Preferably, the concave mirror and the convex lens are fixedly connected with mounting blocks, and the mounting blocks are connected with the sliding barrel through tightening bolts in a threaded mode.

Preferably, the threaded screw rod is rotatably arranged in the limiting clamping plate, and the limiting clamping plate is provided with a sliding groove for the sliding nut to slide.

Preferably, the middle part of the sliding groove of the limiting clamping plate is fixedly connected with a fixing ring plate, the threaded screw rod is rotatably sleeved on the outer side of the fixing ring plate, the inner wall of the fixing ring plate is fixedly connected with a limiting ring plate, and an annular groove for the limiting ring plate to rotate and insert is formed in the outer side of the threaded screw rod.

Preferably, the connecting block is fixedly connected with the sliding connection block through an insulation connecting block, and the parallel connection electric block is also fixedly connected with the resistance rod through an insulation connecting block.

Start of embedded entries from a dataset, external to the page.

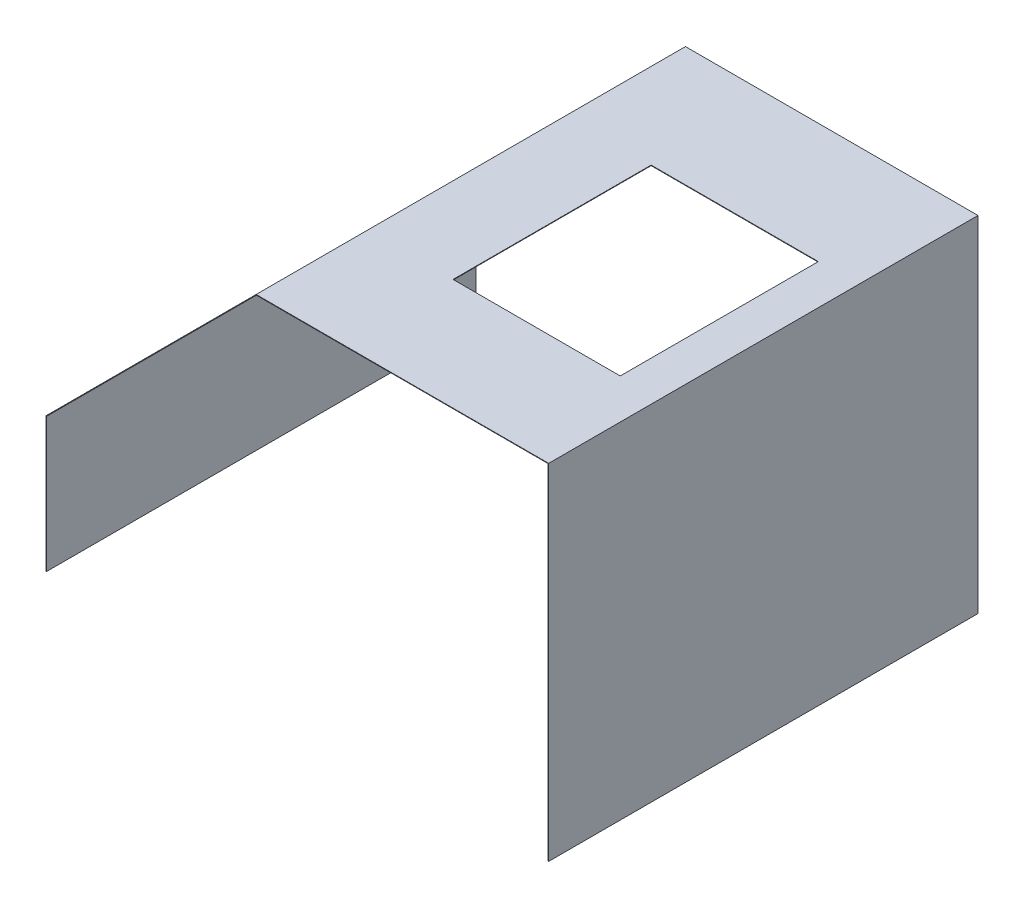
from build123d import *

# Parameters (mm, degrees)
SALIENTE_EXTRUIR1_DEPTH    = 0.83566
SALIENTE_EXTRUIR2_DEPTH    = 12.7
SALIENTE_EXTRUIR3_DEPTH    = 642.126
CROQUIS4_W                 = 255
CROQUIS4_H                 = 0.83566
SALIENTE_EXTRUIR4_DEPTH    = 170
CROQUIS5_W                 = 255
CROQUIS5_H                 = 0.83566
SALIENTE_EXTRUIR5_DEPTH    = 170
CROQUIS6_W                 = 570
CROQUIS6_H                 = 401.24062337
CORTAR_EXTRUIR1_DEPTH      = 190
CORTAR_EXTRUIR2_DEPTH      = 198
CORTAR_EXTRUIR2_DEPTH_BACK = 174


with BuildPart() as part:
    # Croquis1 → Saliente-Extruir1 (new body)
    with BuildSketch(Plane.XY):
        Polygon((0, 0), (765, 0), (765, 525), (320, 525), (0, 205), align=None)
    extrude(amount=SALIENTE_EXTRUIR1_DEPTH)

    # Croquis7 → Cortar-Extruir2 (cut, two sides: drawn at the far end of the back side and taken through both)
    with BuildSketch(Plane.XY.offset(0.83566).offset(-CORTAR_EXTRUIR2_DEPTH_BACK)):
        Polygon((0, 0), (765, 0), (765, 525), (320, 525), (0, 205), align=None)
    extrude(amount=CORTAR_EXTRUIR2_DEPTH + CORTAR_EXTRUIR2_DEPTH_BACK, mode=Mode.SUBTRACT)


with BuildPart() as body_2:
    # Croquis2 → Saliente-Extruir2 (new body)
    with BuildSketch(Plane.XY.offset(0.83566)):
        Polygon((765.83566, 525.83566), (319.653858294, 525.83566), (-0.83566, 205.346141706), (-0.83566, 0), (0, 0), (0, 205), (320, 525), (765, 525), (765, 0), (765.83566, 0), align=None)
    extrude(amount=SALIENTE_EXTRUIR2_DEPTH)

    # Croquis3 → Saliente-Extruir3 (add)
    with BuildSketch(Plane.XY.offset(13.53566)):
        Polygon((450, 525.83566), (450, 525), (320, 525), (0, 205), (0, 0), (-0.83566, 0), (-0.83566, 205.346141706), (319.653858294, 525.83566), align=None)
        Polygon((765.83566, 0), (765.83566, 525.83566), (705, 525.83566), (705, 525), (765, 525), (765, 0), align=None)
    extrude(amount=SALIENTE_EXTRUIR3_DEPTH)

    # Croquis4 → Saliente-Extruir4 (add)
    with BuildSketch(Plane.XY.offset(13.53566)):
        with Locations((577.5, 525.41783)):
            Rectangle(CROQUIS4_W, CROQUIS4_H)
    extrude(amount=SALIENTE_EXTRUIR4_DEPTH)

    # Croquis5 → Saliente-Extruir5 (add)
    with BuildSketch(Plane.XY.offset(655.66166)):
        with Locations((577.5, 525.41783)):
            Rectangle(CROQUIS5_W, CROQUIS5_H)
    extrude(amount=-SALIENTE_EXTRUIR5_DEPTH)

    # Croquis6 → Cortar-Extruir1 (cut)
    with BuildSketch(Plane(origin=(-103.090900853, 103.090900853, 0), x_dir=(0, 0, 1), z_dir=(-0.7071067811865477, 0.7071067811865475, 0))):
        with Locations((328.24866, 397.231060123)):
            Rectangle(CROQUIS6_W, CROQUIS6_H)
    extrude(amount=-CORTAR_EXTRUIR1_DEPTH, mode=Mode.SUBTRACT)


solid = body_2.part

Preferably, both ends of the elastic air supply pipe are fixedly communicated with communicating pipe heads, and the two communicating pipe heads are respectively and fixedly connected to the outer walls of the sliding barrel and the cooling box.

Preferably, the blower is multiple and is connected in series through a conducting wire, and the communication position of the blower pipe and the air inlet cavity is obliquely directed to the second heat exchange plate.

Preferably, the electromagnets are a plurality of and are connected in series through a lead, and the outer side wall of the sliding sleeve is fixedly connected with a plurality of magnetic blocks which correspond to the electromagnets one to one.

Preferably, the cooling box is located below the xenon lamp, the sliding groove and the air inlet cavity are distributed vertically, the electromagnet is located above the magnetic block, and the electromagnet and the magnetic block are attracted magnetically.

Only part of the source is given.